*THE PROBLEM*: From the listing below, copy every line with the word "Continuous".

*THE RECORDS*:

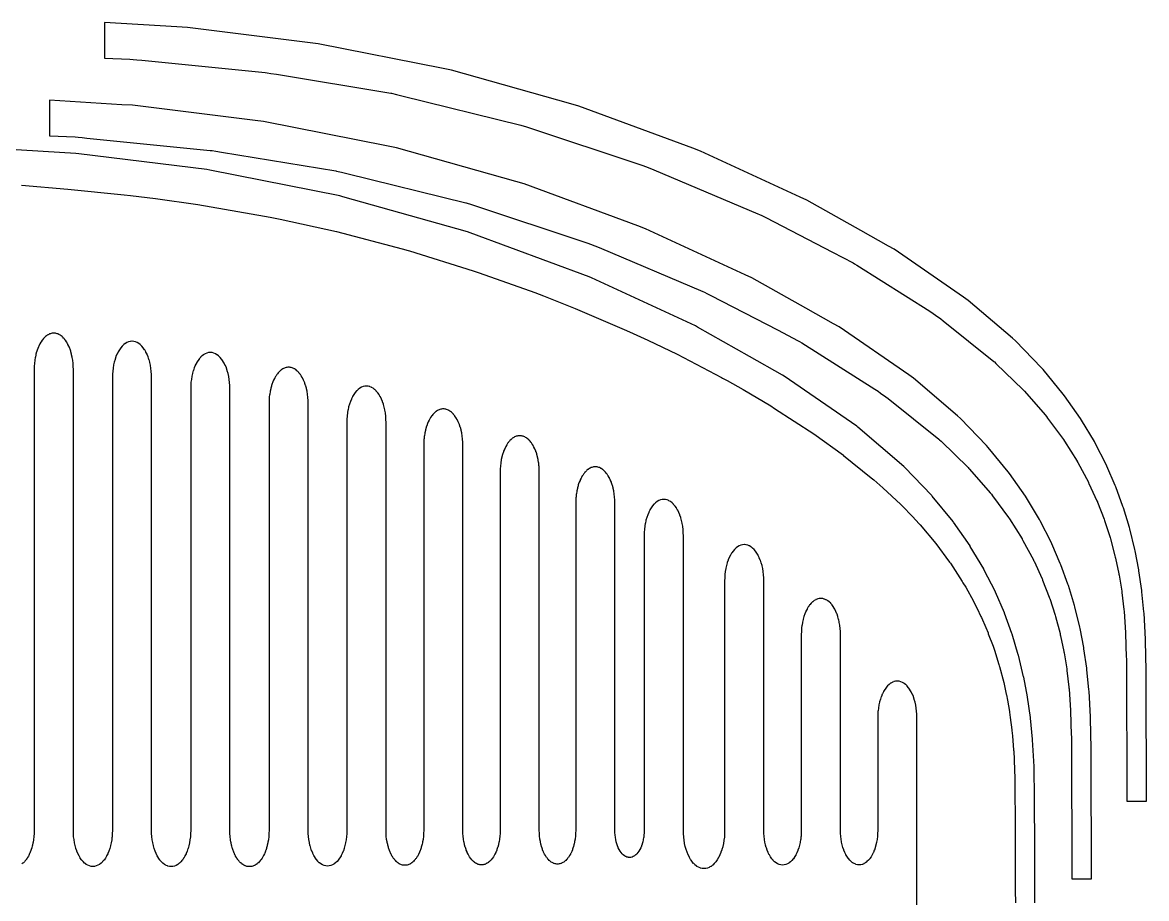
# Model space of a CAD drawing. Header units: millimetres. Extents: x -274 to 326, y -478 to 422.
# Drawn here: x -102 to 82.1, y 18.4 to 161.8 of the extents above; entities that cross this region are included whole.
import ezdxf

# ---------------------------------------------------------------- set-up
doc = ezdxf.new("R2010")
doc.units = ezdxf.units.MM
doc.layers.add('Layer 01', color=12, linetype='Continuous', true_color=0xc80000)
doc.layers.add('Layer 03', color=5, linetype='Continuous', true_color=0x0000ff)

msp = doc.modelspace()

# ---------------------------------------------------------------- linework, layer by layer
at = {"layer": 'Layer 01'}
for points in [[(63.84, 17.63), (63.83, 20.69), (63.83, 20.76), (63.79, 26.62), (63.79, 26.75), (63.78, 34.57), (63.77, 34.75), (63.69, 39.85), (63.69, 39.96), (63.45, 44.36), (63.44, 44.46), (63.1, 47.91), (63.09, 47.99), (62.61, 51.32), (62.6, 51.39), (61.99, 54.62), (61.97, 54.69), (61.12, 58.2), (61.11, 58.28), (60.08, 61.67), (60.06, 61.75), (58.85, 65.07), (58.83, 65.15), (57.38, 68.51), (57.35, 68.59), (55.49, 72.25), (55.44, 72.34), (53.25, 76.02), (53.2, 76.1), (50.49, 80), (50.43, 80.08), (47.01, 84.27), (46.93, 84.36), (42.48, 88.98), (42.38, 89.09), (34.84, 95.54), (34.66, 95.69), (22.78, 103.9), (22.51, 104.09), (17.08, 107.14), (8.55, 111.95), (8.23, 112.13), (-8.79, 119.98), (-9.18, 120.16), (-28.64, 127.36), (-29.09, 127.52), (-49.51, 133.28), (-49.98, 133.41), (-71.28, 137.64), (-71.78, 137.73), (-92.73, 140.32), (-93.21, 140.38), (-119.95, 142.02)], [(-102.11, 135.16), (-94.55, 134.55), (-85.32, 133.59), (-84.29, 133.48), (-80.16, 132.97), (-73.26, 131.99), (-62.34, 130.09), (-61.39, 129.93), (-59.78, 129.61), (-50.56, 127.57), (-39.8, 124.73), (-38.8, 124.48), (-38.59, 124.42), (-28.14, 121.16), (-27.18, 120.84), (-18.04, 117.59), (-16.66, 117.06), (-11.46, 115), (-3.42, 111.54), (-2.55, 111.17), (0.46, 109.79), (5.22, 107.48), (12.48, 103.67), (12.69, 103.56), (13.42, 103.18), (16.04, 101.71), (20.57, 99.02), (21.18, 98.63), (27.61, 94.45), (32.46, 90.94), (32.5, 90.91), (37.04, 87.25), (37.46, 86.91), (38.94, 85.62), (41.86, 82.87), (42.09, 82.65), (43.77, 80.92), (44.87, 79.73), (45.04, 79.53), (47.6, 76.49), (49.85, 73.46), (49.98, 73.28), (51.94, 70.25), (52.05, 70.08), (52.49, 69.33), (53.75, 67.05), (53.84, 66.88), (54.36, 65.86), (54.99, 64.55), (55.06, 64.4), (55.8, 62.72), (56.15, 61.87), (56.2, 61.72), (56.97, 59.68), (57.15, 59.18), (57.19, 59.04), (57.94, 56.68), (58, 56.47), (58.04, 56.33), (58.72, 53.72), (59.13, 51.85), (59.16, 51.72), (59.32, 50.87), (59.64, 49.01), (59.66, 48.87), (59.79, 48.01), (60.04, 46), (60.06, 45.86), (60.14, 45), (60.33, 42.65), (60.35, 42.47), (60.42, 41.14), (60.43, 40.95), (60.53, 37.99), (60.54, 37.15), (60.54, 36.95), (60.57, 30.36), (60.57, 30.03), (60.61, 21.43), (60.61, 21), (60.62, 19.83), (60.62, 19.67), (60.63, 17.63)], [(44.51, -9.28), (44.51, 48.02), (44.49, 48.51), (44.49, 48.54), (44.46, 49.02), (44.46, 49.05), (44.4, 49.53), (44.4, 49.56), (44.32, 50.02), (44.31, 50.05), (44.21, 50.5), (44.21, 50.53), (44.08, 50.97), (44.08, 50.99), (43.93, 51.4), (43.93, 51.43), (43.76, 51.82), (43.75, 51.84), (43.58, 52.2), (43.57, 52.22), (43.37, 52.55), (43.36, 52.57), (43.15, 52.87), (43.14, 52.89), (42.91, 53.15), (42.9, 53.17), (42.67, 53.39), (42.65, 53.41), (42.41, 53.59), (42.39, 53.61), (42.14, 53.75), (42.13, 53.76), (41.87, 53.87), (41.85, 53.87), (41.59, 53.94), (41.58, 53.94), (41.31, 53.96), (41.3, 53.96), (41.03, 53.94), (41.02, 53.94), (40.75, 53.88), (40.74, 53.87), (40.48, 53.77), (40.47, 53.76), (40.21, 53.61), (40.2, 53.61), (39.95, 53.42), (39.94, 53.41), (39.71, 53.18), (39.69, 53.17), (39.47, 52.91), (39.45, 52.89), (39.25, 52.59), (39.23, 52.57), (39.04, 52.24), (39.03, 52.22), (38.85, 51.86), (38.84, 51.84), (38.68, 51.45), (38.67, 51.43), (38.52, 51.02), (38.52, 50.99), (38.39, 50.56), (38.39, 50.53), (38.29, 50.08), (38.28, 50.05), (38.2, 49.59), (38.2, 49.56), (38.14, 49.08), (38.13, 49.05), (38.1, 48.57), (38.1, 48.54), (38.09, 48.05), (38.09, 48.02), (38.09, 46.96), (38.09, 29.52), (38.09, 29.49), (38.07, 29.03), (38.07, 29), (38.04, 28.54), (38.04, 28.51), (37.98, 28.06), (37.98, 28.03), (37.9, 27.59), (37.9, 27.56), (37.8, 27.13), (37.79, 27.11), (37.68, 26.7), (37.67, 26.67), (37.54, 26.28), (37.53, 26.26), (37.37, 25.89), (37.36, 25.87), (37.19, 25.53), (37.18, 25.51), (37, 25.2), (36.99, 25.18), (36.79, 24.9), (36.77, 24.88), (36.56, 24.63), (36.55, 24.62), (36.33, 24.41), (36.31, 24.39), (36.08, 24.22), (36.07, 24.21), (35.83, 24.07), (35.81, 24.06), (35.57, 23.96), (35.55, 23.96), (35.31, 23.9), (35.29, 23.9), (35.04, 23.88), (35.02, 23.88), (34.77, 23.9), (34.76, 23.9), (34.51, 23.96), (34.5, 23.97), (34.25, 24.07), (34.24, 24.08), (34, 24.22), (33.98, 24.23), (33.75, 24.41), (33.74, 24.42), (33.52, 24.63), (33.5, 24.65), (33.29, 24.9), (33.28, 24.91), (33.08, 25.2), (33.07, 25.22), (32.89, 25.53), (32.88, 25.55), (32.71, 25.89), (32.7, 25.91), (32.54, 26.28), (32.54, 26.31), (32.4, 26.7), (32.39, 26.72), (32.28, 27.13), (32.27, 27.16), (32.18, 27.59), (32.17, 27.62), (32.1, 28.06), (32.09, 28.09), (32.04, 28.54), (32.04, 28.57), (32, 29.03), (32, 29.06), (31.99, 29.52), (31.99, 31.35), (31.99, 61.56), (31.98, 62.05), (31.98, 62.08), (31.95, 62.56), (31.94, 62.59), (31.89, 63.07), (31.88, 63.1), (31.8, 63.56), (31.8, 63.59), (31.7, 64.04), (31.69, 64.07), (31.57, 64.5), (31.56, 64.53), (31.42, 64.94), (31.41, 64.97), (31.25, 65.36), (31.24, 65.38), (31.06, 65.74), (31.05, 65.76), (30.86, 66.09), (30.85, 66.11), (30.64, 66.41), (30.62, 66.43), (30.4, 66.69), (30.39, 66.71), (30.15, 66.93), (30.14, 66.95), (29.9, 67.13), (29.88, 67.14), (29.63, 67.29), (29.61, 67.3), (29.36, 67.41), (29.34, 67.41), (29.08, 67.48), (29.06, 67.48), (28.8, 67.5), (28.78, 67.5), (28.52, 67.48), (28.5, 67.48), (28.24, 67.42), (28.23, 67.41), (27.97, 67.31), (27.95, 67.3), (27.7, 67.15), (27.69, 67.14), (27.44, 66.96), (27.43, 66.95), (27.19, 66.72), (27.18, 66.71), (26.96, 66.44), (26.94, 66.43), (26.73, 66.13), (26.72, 66.11), (26.53, 65.78), (26.51, 65.76), (26.34, 65.4), (26.32, 65.38), (26.16, 64.99), (26.15, 64.97), (26.01, 64.56), (26, 64.53), (25.88, 64.1), (25.87, 64.07), (25.77, 63.62), (25.77, 63.59), (25.69, 63.12), (25.68, 63.1), (25.63, 62.62), (25.62, 62.59), (25.59, 62.11), (25.59, 62.08), (25.57, 61.59), (25.57, 61.56), (25.57, 59.72), (25.57, 29.52), (25.57, 29.49), (25.56, 29.02), (25.56, 29), (25.53, 28.53), (25.52, 28.5), (25.47, 28.05), (25.46, 28.02), (25.39, 27.58), (25.38, 27.55), (25.29, 27.12), (25.28, 27.09), (25.16, 26.68), (25.15, 26.65), (25.02, 26.26), (25.01, 26.24), (24.86, 25.87), (24.85, 25.85), (24.68, 25.5), (24.66, 25.48), (24.48, 25.17), (24.47, 25.15), (24.27, 24.87), (24.25, 24.85), (24.04, 24.6), (24.03, 24.59), (23.8, 24.37), (23.79, 24.36), (23.56, 24.18), (23.54, 24.17), (23.3, 24.03), (23.29, 24.03), (23.04, 23.93), (23.02, 23.92), (22.77, 23.86), (22.76, 23.86), (22.51, 23.84), (22.49, 23.84), (22.24, 23.86), (22.22, 23.86), (21.97, 23.93), (21.96, 23.93), (21.71, 24.03), (21.7, 24.04), (21.46, 24.18), (21.44, 24.19), (21.21, 24.37), (21.2, 24.38), (20.97, 24.6), (20.96, 24.62), (20.75, 24.87), (20.74, 24.88), (20.54, 25.17), (20.52, 25.19), (20.34, 25.5), (20.33, 25.52), (20.16, 25.87), (20.15, 25.89), (19.99, 26.26), (19.99, 26.28), (19.85, 26.68), (19.84, 26.7), (19.73, 27.12), (19.72, 27.14), (19.62, 27.58), (19.62, 27.6), (19.54, 28.05), (19.54, 28.08), (19.49, 28.53), (19.48, 28.56), (19.45, 29.02), (19.45, 29.05), (19.44, 29.52), (19.44, 31.86), (19.44, 70.38), (19.43, 70.86), (19.43, 70.89), (19.39, 71.38), (19.39, 71.41), (19.33, 71.88), (19.33, 71.91), (19.25, 72.38), (19.25, 72.41), (19.15, 72.86), (19.14, 72.89), (19.02, 73.32), (19.01, 73.35), (18.87, 73.76), (18.86, 73.78), (18.7, 74.17), (18.69, 74.2), (18.51, 74.56), (18.5, 74.58), (18.31, 74.91), (18.29, 74.93), (18.08, 75.23), (18.07, 75.24), (17.85, 75.51), (17.83, 75.52), (17.6, 75.75), (17.59, 75.76), (17.34, 75.95), (17.33, 75.96), (17.08, 76.11), (17.06, 76.12), (16.8, 76.22), (16.79, 76.23), (16.53, 76.29), (16.51, 76.3), (16.25, 76.32), (16.23, 76.32), (15.97, 76.3), (15.95, 76.3), (15.69, 76.23), (15.67, 76.23), (15.41, 76.12), (15.4, 76.12), (15.15, 75.97), (15.13, 75.96), (14.89, 75.77), (14.87, 75.76), (14.64, 75.54), (14.63, 75.52), (14.4, 75.26), (14.39, 75.24), (14.18, 74.95), (14.17, 74.93), (13.97, 74.6), (13.96, 74.58), (13.78, 74.22), (13.77, 74.2), (13.61, 73.81), (13.6, 73.78), (13.46, 73.37), (13.45, 73.35), (13.33, 72.91), (13.32, 72.89), (13.22, 72.44), (13.21, 72.41), (13.13, 71.94), (13.13, 71.91), (13.07, 71.44), (13.07, 71.41), (13.03, 70.92), (13.03, 70.89), (13.02, 70.41), (13.02, 70.38), (13.02, 68.03), (13.02, 29.52), (13.02, 29.49), (13.01, 28.97), (13.01, 28.94), (12.97, 28.43), (12.97, 28.4), (12.91, 27.9), (12.9, 27.87), (12.82, 27.38), (12.81, 27.35), (12.7, 26.87), (12.7, 26.84), (12.57, 26.39), (12.56, 26.36), (12.41, 25.93), (12.4, 25.9), (12.23, 25.49), (12.22, 25.47), (12.03, 25.09), (12.02, 25.07), (11.81, 24.72), (11.8, 24.7), (11.58, 24.39), (11.56, 24.37), (11.33, 24.09), (11.31, 24.08), (11.07, 23.84), (11.05, 23.83), (10.79, 23.63), (10.78, 23.62), (10.51, 23.47), (10.5, 23.46), (10.23, 23.35), (10.21, 23.35), (9.93, 23.28), (9.92, 23.28), (9.64, 23.26), (9.62, 23.26), (9.34, 23.28), (9.33, 23.28), (9.05, 23.35), (9.03, 23.36), (8.76, 23.47), (8.75, 23.48), (8.48, 23.63), (8.47, 23.65), (8.21, 23.84), (8.19, 23.86), (7.95, 24.09), (7.93, 24.11), (7.7, 24.39), (7.68, 24.41), (7.46, 24.72), (7.45, 24.74), (7.25, 25.09), (7.24, 25.11), (7.05, 25.49), (7.04, 25.52), (6.87, 25.93), (6.86, 25.95), (6.71, 26.39), (6.7, 26.41), (6.57, 26.87), (6.57, 26.9), (6.46, 27.38), (6.45, 27.41), (6.37, 27.9), (6.37, 27.93), (6.31, 28.43), (6.31, 28.46), (6.27, 28.97), (6.27, 29), (6.26, 29.52), (6.26, 32.28), (6.26, 77.78), (6.24, 78.27), (6.24, 78.3), (6.21, 78.78), (6.21, 78.81), (6.15, 79.29), (6.15, 79.32), (6.07, 79.78), (6.06, 79.81), (5.96, 80.26), (5.96, 80.29), (5.83, 80.72), (5.83, 80.75), (5.68, 81.16), (5.68, 81.19), (5.51, 81.58), (5.51, 81.6), (5.33, 81.96), (5.32, 81.98), (5.12, 82.31), (5.11, 82.33), (4.9, 82.63), (4.89, 82.65), (4.66, 82.91), (4.65, 82.93), (4.42, 83.15), (4.4, 83.17), (4.16, 83.35), (4.14, 83.36), (3.89, 83.51), (3.88, 83.52), (3.62, 83.63), (3.6, 83.63), (3.34, 83.7), (3.33, 83.7), (3.06, 83.72), (3.05, 83.72), (2.78, 83.7), (2.77, 83.7), (2.5, 83.64), (2.49, 83.63), (2.23, 83.53), (2.22, 83.52), (1.96, 83.37), (1.95, 83.36), (1.7, 83.18), (1.69, 83.17), (1.46, 82.94), (1.44, 82.93), (1.22, 82.66), (1.21, 82.65), (1, 82.35), (0.98, 82.33), (0.79, 82), (0.78, 81.98), (0.6, 81.62), (0.59, 81.6), (0.43, 81.21), (0.42, 81.19), (0.28, 80.78), (0.27, 80.75), (0.14, 80.32), (0.14, 80.29), (0.04, 79.84), (0.03, 79.81), (-0.05, 79.35), (-0.05, 79.32), (-0.11, 78.84), (-0.11, 78.81), (-0.15, 78.33), (-0.15, 78.3), (-0.16, 77.81), (-0.16, 77.78), (-0.16, 75.01), (-0.16, 29.52), (-0.16, 29.5), (-0.17, 29.13), (-0.17, 29.11), (-0.2, 28.75), (-0.2, 28.73), (-0.24, 28.37), (-0.25, 28.35), (-0.31, 28), (-0.31, 27.98), (-0.39, 27.65), (-0.39, 27.63), (-0.48, 27.3), (-0.49, 27.28), (-0.6, 26.98), (-0.6, 26.96), (-0.72, 26.67), (-0.73, 26.65), (-0.86, 26.38), (-0.87, 26.37), (-1.02, 26.12), (-1.03, 26.11), (-1.18, 25.89), (-1.19, 25.88), (-1.36, 25.68), (-1.37, 25.67), (-1.55, 25.5), (-1.56, 25.49), (-1.74, 25.35), (-1.75, 25.35), (-1.94, 25.24), (-1.95, 25.23), (-2.14, 25.15), (-2.15, 25.15), (-2.35, 25.1), (-2.36, 25.1), (-2.56, 25.09), (-2.57, 25.09), (-2.77, 25.1), (-2.78, 25.11), (-2.97, 25.15), (-2.98, 25.16), (-3.18, 25.24), (-3.19, 25.24), (-3.38, 25.35), (-3.39, 25.36), (-3.57, 25.5), (-3.58, 25.51), (-3.75, 25.68), (-3.76, 25.69), (-3.93, 25.89), (-3.94, 25.9), (-4.09, 26.12), (-4.1, 26.14), (-4.25, 26.38), (-4.26, 26.4), (-4.39, 26.67), (-4.4, 26.69), (-4.52, 26.98), (-4.52, 27), (-4.63, 27.3), (-4.63, 27.32), (-4.73, 27.65), (-4.73, 27.67), (-4.81, 28), (-4.81, 28.02), (-4.87, 28.37), (-4.87, 28.39), (-4.91, 28.75), (-4.91, 28.77), (-4.94, 29.13), (-4.94, 29.15), (-4.95, 29.52), (-4.95, 32.59), (-4.95, 83.11), (-4.96, 83.58), (-4.96, 83.61), (-4.96, 83.63), (-4.99, 84.09), (-5, 84.11), (-5, 84.14), (-5.05, 84.58), (-5.05, 84.61), (-5.06, 84.65), (-5.13, 85.06), (-5.13, 85.09), (-5.14, 85.14), (-5.23, 85.53), (-5.24, 85.56), (-5.25, 85.62), (-5.35, 85.99), (-5.36, 86.01), (-5.38, 86.08), (-5.49, 86.42), (-5.5, 86.44), (-5.53, 86.52), (-5.65, 86.82), (-5.66, 86.85), (-5.7, 86.93), (-5.83, 87.2), (-5.84, 87.23), (-5.89, 87.31), (-6.03, 87.56), (-6.04, 87.58), (-6.1, 87.66), (-6.24, 87.87), (-6.25, 87.89), (-6.32, 87.98), (-6.47, 88.16), (-6.48, 88.17), (-6.55, 88.26), (-6.71, 88.41), (-6.72, 88.42), (-6.8, 88.5), (-6.95, 88.62), (-6.97, 88.63), (-7.06, 88.69), (-7.21, 88.79), (-7.22, 88.79), (-7.23, 88.8), (-7.33, 88.85), (-7.47, 88.92), (-7.49, 88.92), (-7.6, 88.96), (-7.74, 89), (-7.76, 89.01), (-7.88, 89.03), (-8.02, 89.05), (-8.03, 89.05), (-8.16, 89.05), (-8.29, 89.05), (-8.3, 89.05), (-8.44, 89.03), (-8.56, 89.01), (-8.58, 89), (-8.72, 88.96), (-8.83, 88.92), (-8.84, 88.92), (-8.99, 88.85), (-9.09, 88.8), (-9.11, 88.79), (-9.26, 88.69), (-9.35, 88.63), (-9.37, 88.62), (-9.52, 88.5), (-9.6, 88.42), (-9.61, 88.41), (-9.76, 88.26), (-9.84, 88.17), (-9.85, 88.16), (-10, 87.98), (-10.06, 87.89), (-10.08, 87.87), (-10.22, 87.66), (-10.28, 87.58), (-10.29, 87.56), (-10.43, 87.31), (-10.44, 87.29), (-10.48, 87.2), (-10.62, 86.93), (-10.63, 86.91), (-10.66, 86.82), (-10.79, 86.52), (-10.8, 86.49), (-10.83, 86.42), (-10.94, 86.08), (-10.95, 86.05), (-10.97, 85.99), (-10.98, 85.95), (-11.07, 85.62), (-11.07, 85.59), (-11.09, 85.53), (-11.18, 85.14), (-11.18, 85.11), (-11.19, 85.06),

*SOLUTION TO THIS PROBLEM*:
doc.layers.add('Layer 01', color=12, linetype='Continuous', true_color=0xc80000)
doc.layers.add('Layer 03', color=5, linetype='Continuous', true_color=0x0000ff)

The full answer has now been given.